--- Task objective ---
Both the line below containing "extrude(amount=BOSS_EXTRUDE3_DEPTH)" and the line containing "Rectangle(SKETCH5_W, SKETCH5_H)", along with every line between them, should be repeated exactly; no other line belongs in the answer.

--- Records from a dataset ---
• • •

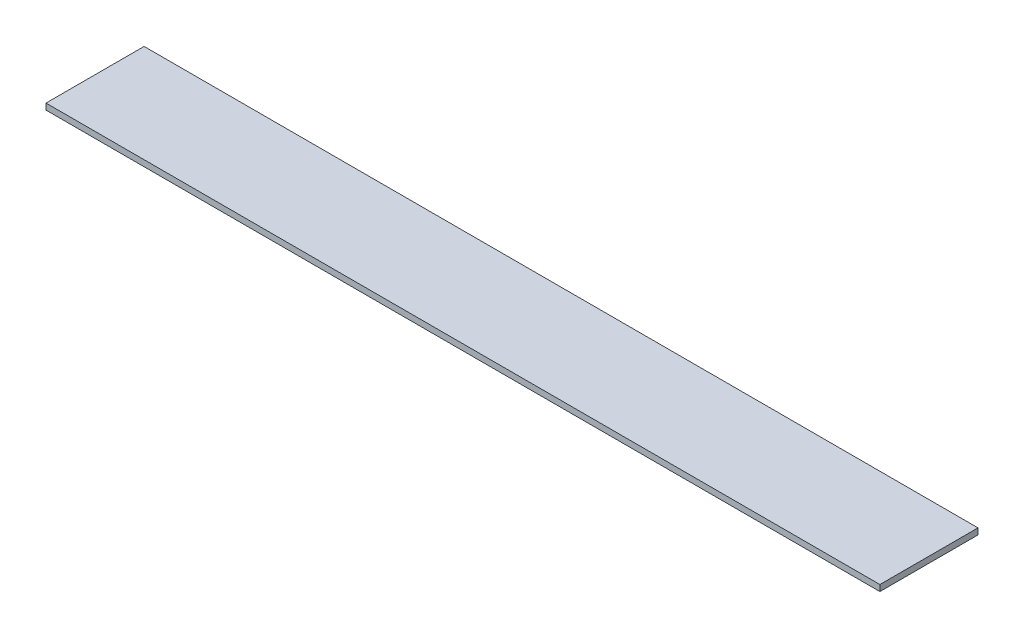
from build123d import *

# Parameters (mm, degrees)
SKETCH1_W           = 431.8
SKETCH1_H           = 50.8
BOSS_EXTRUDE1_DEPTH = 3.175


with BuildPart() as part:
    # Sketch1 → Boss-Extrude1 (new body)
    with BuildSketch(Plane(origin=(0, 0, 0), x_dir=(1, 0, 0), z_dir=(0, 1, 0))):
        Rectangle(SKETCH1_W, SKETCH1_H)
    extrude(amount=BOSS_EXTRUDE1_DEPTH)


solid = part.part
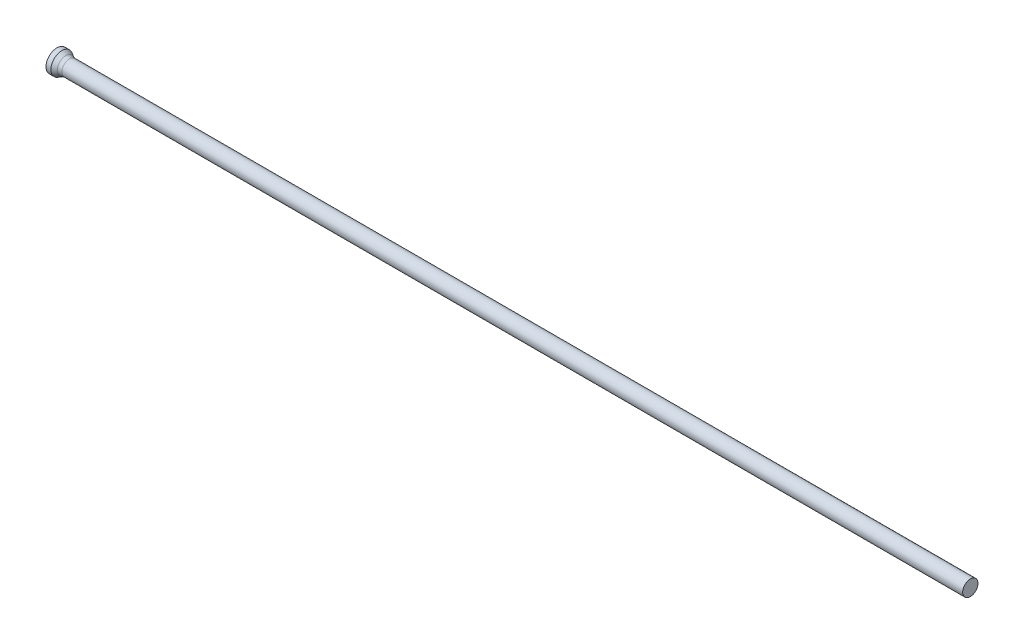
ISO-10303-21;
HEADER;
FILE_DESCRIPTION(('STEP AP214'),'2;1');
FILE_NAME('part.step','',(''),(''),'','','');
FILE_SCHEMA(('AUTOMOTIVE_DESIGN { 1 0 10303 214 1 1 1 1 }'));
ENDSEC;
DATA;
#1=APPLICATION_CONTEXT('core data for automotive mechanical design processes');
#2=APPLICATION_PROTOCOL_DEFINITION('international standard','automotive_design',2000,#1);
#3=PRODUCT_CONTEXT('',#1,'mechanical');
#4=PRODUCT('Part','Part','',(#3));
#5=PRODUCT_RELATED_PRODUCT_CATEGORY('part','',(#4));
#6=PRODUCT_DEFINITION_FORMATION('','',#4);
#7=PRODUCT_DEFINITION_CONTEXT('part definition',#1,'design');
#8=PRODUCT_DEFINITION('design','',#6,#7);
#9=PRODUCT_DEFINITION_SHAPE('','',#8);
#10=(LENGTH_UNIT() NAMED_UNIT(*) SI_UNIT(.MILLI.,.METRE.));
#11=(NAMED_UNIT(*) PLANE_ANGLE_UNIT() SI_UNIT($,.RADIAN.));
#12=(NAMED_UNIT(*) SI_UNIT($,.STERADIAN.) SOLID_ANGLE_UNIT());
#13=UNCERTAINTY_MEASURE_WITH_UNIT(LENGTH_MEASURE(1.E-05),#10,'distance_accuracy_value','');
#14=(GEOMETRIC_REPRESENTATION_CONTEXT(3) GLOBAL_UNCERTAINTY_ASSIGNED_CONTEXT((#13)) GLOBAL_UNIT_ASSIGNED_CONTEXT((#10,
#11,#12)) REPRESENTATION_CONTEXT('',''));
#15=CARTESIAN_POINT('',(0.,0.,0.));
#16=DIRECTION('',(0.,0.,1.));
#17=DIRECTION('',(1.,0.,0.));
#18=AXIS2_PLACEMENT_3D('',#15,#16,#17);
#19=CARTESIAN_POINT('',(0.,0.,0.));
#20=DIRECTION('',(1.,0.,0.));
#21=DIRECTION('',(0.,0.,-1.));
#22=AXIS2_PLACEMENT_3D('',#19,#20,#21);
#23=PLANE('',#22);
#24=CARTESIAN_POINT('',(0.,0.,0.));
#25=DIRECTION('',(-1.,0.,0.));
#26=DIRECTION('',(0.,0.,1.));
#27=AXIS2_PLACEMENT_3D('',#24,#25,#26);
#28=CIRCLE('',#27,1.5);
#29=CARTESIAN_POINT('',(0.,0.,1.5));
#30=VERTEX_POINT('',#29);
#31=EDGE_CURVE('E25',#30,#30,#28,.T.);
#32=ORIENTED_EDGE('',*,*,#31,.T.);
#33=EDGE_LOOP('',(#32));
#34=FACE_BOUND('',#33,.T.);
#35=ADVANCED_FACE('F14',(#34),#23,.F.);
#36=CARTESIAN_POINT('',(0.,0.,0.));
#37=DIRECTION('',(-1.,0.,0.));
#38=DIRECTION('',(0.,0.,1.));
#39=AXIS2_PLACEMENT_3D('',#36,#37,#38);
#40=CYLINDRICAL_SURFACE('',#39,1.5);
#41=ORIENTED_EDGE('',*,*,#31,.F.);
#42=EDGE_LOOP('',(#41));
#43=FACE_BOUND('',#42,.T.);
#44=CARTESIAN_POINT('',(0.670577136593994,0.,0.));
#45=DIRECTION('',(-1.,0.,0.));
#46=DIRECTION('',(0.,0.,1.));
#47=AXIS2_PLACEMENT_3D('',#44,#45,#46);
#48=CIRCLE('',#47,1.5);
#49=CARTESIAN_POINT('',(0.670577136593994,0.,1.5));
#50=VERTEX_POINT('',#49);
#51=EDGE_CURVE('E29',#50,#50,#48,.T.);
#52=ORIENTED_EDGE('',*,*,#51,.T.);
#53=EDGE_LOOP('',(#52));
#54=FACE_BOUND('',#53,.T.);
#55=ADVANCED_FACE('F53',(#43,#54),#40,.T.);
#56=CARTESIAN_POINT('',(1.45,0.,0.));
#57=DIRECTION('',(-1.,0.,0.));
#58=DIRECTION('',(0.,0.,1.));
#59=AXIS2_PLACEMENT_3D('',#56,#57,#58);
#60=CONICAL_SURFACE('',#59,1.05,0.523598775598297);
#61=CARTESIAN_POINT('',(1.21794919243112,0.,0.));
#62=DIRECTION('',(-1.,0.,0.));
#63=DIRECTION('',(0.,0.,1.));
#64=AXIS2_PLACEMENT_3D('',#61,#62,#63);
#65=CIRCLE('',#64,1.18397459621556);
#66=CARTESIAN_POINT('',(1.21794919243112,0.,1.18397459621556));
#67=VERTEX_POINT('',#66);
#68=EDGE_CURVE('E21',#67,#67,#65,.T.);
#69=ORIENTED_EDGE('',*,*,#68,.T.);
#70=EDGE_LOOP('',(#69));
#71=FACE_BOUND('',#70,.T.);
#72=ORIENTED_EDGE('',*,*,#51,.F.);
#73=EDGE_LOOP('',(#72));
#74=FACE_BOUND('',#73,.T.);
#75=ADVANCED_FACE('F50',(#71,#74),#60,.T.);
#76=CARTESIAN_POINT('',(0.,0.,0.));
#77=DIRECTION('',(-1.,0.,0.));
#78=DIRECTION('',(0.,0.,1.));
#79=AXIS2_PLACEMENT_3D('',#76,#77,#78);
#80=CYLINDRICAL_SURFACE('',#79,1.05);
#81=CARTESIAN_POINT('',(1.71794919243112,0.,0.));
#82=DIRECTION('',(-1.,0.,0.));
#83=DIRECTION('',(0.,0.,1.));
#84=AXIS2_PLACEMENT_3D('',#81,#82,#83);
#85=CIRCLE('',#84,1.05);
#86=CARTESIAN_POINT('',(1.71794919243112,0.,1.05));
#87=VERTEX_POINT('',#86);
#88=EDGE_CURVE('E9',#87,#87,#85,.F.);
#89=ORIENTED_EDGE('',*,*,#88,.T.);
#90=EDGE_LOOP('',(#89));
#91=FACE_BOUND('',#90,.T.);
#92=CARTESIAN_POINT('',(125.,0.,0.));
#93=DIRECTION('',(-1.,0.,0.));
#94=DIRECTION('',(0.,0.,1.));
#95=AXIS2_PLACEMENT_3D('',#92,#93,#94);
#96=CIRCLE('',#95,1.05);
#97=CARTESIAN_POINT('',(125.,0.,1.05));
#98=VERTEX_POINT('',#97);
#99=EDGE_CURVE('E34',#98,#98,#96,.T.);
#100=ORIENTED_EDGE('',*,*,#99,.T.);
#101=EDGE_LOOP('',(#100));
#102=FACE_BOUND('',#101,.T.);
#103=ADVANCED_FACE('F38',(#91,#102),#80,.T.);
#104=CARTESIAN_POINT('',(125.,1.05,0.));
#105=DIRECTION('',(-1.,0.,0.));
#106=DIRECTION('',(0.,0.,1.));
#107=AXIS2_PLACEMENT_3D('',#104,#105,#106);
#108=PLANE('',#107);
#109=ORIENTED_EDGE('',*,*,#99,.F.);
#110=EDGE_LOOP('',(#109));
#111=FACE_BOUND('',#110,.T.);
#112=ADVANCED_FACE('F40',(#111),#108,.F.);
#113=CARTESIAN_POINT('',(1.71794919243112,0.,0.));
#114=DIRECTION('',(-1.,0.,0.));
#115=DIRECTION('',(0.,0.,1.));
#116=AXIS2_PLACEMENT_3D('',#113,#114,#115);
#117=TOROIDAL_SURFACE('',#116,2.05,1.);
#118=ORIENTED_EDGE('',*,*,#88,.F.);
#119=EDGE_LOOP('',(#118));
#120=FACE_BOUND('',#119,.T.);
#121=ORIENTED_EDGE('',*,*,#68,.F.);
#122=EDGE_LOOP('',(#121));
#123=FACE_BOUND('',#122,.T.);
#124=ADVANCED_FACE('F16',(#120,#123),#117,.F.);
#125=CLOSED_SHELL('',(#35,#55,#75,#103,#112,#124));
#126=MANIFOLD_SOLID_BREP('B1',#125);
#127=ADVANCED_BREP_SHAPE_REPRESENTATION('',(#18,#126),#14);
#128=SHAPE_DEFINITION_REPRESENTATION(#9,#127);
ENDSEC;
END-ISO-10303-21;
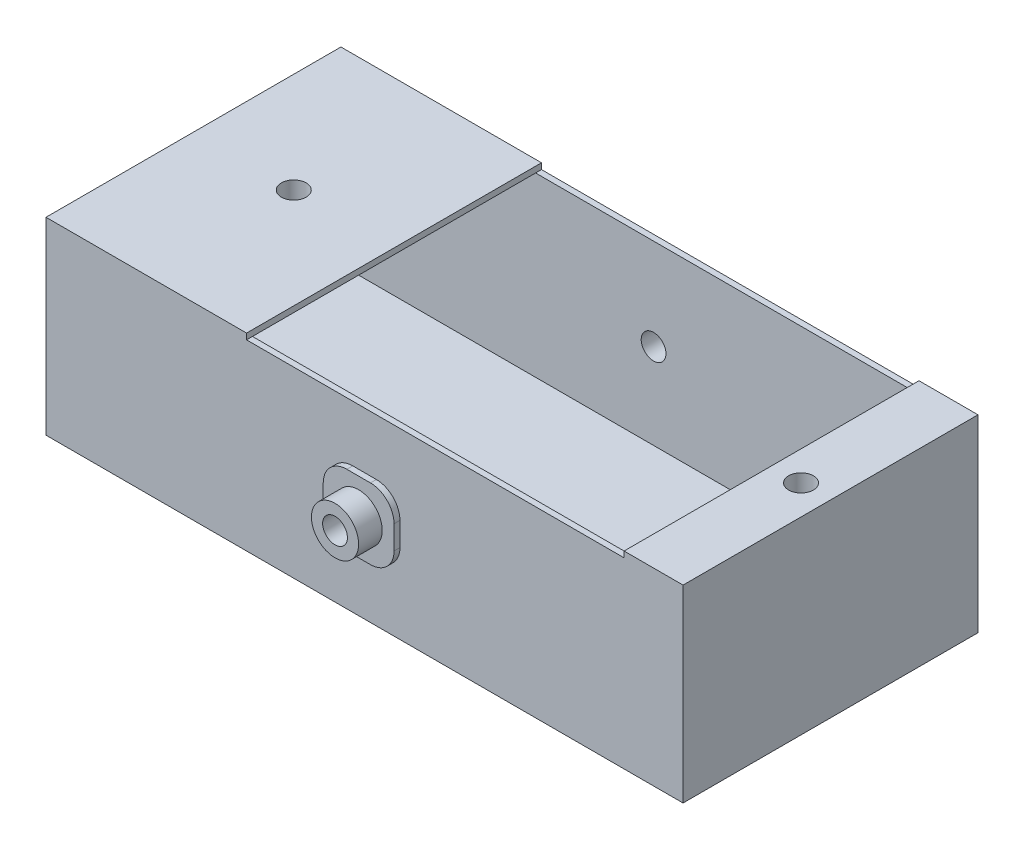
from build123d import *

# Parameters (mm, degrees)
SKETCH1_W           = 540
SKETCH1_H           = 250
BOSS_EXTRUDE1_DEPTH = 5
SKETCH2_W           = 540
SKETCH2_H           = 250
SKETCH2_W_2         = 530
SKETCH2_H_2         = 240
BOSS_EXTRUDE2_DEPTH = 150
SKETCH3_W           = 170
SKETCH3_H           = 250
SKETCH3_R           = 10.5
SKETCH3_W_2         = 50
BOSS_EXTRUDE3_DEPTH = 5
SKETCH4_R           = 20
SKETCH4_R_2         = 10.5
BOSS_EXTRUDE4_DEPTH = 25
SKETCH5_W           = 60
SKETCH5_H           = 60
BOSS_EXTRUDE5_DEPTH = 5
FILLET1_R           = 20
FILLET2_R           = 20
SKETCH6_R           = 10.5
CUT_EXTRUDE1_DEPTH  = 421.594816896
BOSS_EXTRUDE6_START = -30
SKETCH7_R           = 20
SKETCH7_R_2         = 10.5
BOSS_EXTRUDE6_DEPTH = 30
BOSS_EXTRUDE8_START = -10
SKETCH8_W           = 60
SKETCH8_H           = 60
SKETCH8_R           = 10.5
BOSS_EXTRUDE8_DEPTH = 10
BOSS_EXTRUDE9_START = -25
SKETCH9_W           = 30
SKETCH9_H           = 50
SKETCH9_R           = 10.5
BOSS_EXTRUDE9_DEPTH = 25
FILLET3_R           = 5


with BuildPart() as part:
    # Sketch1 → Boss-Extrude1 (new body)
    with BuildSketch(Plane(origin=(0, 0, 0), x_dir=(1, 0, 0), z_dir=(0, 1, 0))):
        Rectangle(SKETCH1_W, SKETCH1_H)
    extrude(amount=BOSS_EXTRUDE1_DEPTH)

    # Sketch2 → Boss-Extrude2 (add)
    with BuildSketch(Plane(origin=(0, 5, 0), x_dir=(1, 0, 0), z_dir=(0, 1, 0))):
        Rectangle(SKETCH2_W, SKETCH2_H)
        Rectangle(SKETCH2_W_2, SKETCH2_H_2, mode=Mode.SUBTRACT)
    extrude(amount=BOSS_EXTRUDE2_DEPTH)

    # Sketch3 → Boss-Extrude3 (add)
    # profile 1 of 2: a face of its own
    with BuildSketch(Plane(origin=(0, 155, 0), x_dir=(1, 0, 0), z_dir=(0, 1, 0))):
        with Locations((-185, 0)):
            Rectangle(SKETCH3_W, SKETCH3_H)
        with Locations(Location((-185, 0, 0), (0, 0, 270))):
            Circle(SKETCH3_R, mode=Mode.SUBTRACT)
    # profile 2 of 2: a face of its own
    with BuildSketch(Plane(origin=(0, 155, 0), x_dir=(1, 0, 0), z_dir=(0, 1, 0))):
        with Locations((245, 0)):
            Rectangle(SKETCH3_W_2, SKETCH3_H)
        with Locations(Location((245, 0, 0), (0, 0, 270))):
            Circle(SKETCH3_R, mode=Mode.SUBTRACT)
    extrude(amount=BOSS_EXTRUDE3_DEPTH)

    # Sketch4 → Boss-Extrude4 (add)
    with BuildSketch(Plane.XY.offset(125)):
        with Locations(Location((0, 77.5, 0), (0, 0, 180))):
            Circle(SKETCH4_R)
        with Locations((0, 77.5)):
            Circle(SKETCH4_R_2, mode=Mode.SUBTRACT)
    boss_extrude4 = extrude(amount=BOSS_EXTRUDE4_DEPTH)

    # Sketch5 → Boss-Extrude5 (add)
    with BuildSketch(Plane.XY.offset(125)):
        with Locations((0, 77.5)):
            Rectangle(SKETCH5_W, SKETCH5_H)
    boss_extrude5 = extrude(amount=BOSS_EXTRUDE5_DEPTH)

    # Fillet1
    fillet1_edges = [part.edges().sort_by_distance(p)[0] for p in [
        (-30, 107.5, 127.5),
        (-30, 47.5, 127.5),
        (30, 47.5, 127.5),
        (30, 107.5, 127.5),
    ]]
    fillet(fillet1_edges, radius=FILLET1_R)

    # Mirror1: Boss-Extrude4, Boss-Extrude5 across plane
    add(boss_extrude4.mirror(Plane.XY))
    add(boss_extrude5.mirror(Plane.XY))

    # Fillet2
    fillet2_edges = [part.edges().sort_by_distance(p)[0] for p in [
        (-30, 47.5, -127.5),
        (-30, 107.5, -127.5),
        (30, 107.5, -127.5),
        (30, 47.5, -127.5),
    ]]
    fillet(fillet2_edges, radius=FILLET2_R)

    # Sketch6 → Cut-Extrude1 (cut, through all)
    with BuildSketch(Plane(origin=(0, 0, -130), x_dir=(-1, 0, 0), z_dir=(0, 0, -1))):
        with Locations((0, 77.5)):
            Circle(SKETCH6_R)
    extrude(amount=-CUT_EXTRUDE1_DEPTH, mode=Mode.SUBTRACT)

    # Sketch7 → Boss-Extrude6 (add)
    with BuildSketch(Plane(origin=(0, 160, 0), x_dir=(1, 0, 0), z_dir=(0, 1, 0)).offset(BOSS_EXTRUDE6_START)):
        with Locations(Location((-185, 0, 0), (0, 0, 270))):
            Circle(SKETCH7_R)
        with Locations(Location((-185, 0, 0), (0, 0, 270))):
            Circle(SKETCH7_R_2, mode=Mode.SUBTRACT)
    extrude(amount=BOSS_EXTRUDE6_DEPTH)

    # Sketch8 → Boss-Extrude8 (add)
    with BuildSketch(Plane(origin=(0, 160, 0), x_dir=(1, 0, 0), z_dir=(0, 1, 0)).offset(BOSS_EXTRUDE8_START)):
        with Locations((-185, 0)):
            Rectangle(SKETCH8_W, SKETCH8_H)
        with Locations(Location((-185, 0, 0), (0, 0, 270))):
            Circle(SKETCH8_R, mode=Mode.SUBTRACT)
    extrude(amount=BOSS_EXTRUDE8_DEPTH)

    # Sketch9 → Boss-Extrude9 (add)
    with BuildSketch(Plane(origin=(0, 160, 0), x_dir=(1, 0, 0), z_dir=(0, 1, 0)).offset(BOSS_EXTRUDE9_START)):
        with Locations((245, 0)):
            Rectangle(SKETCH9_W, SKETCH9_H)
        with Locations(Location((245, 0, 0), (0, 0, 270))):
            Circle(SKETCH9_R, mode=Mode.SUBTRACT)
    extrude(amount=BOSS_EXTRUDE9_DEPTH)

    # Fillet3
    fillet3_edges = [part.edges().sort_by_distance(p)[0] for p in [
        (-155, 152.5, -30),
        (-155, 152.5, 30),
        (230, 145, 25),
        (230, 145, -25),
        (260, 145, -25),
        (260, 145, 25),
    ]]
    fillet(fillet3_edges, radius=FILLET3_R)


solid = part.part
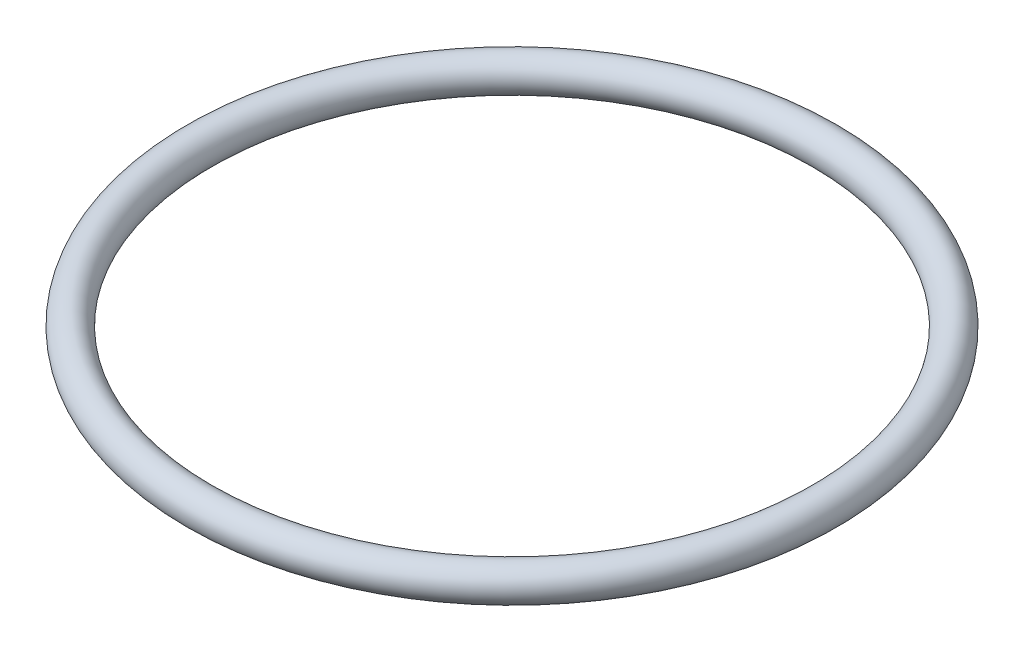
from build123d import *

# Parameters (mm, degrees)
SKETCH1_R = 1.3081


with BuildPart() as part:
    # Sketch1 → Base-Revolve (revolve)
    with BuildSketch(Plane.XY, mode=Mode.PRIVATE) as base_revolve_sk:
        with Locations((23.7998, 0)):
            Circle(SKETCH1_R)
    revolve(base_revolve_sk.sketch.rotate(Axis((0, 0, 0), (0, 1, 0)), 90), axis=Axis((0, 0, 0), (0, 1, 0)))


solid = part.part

• • •

--- Reply to the task ---
    extrude(amount=BOSS_EXTRUDE3_DEPTH)

    # Sketch4 → Boss-Extrude4 (add)
    with BuildSketch(Plane.XY.offset(125)):
        with Locations(Location((0, 77.5, 0), (0, 0, 180))):
            Circle(SKETCH4_R)
        with Locations((0, 77.5)):
            Circle(SKETCH4_R_2, mode=Mode.SUBTRACT)
    boss_extrude4 = extrude(amount=BOSS_EXTRUDE4_DEPTH)

    # Sketch5 → Boss-Extrude5 (add)
    with BuildSketch(Plane.XY.offset(125)):
        with Locations((0, 77.5)):
            Rectangle(SKETCH5_W, SKETCH5_H)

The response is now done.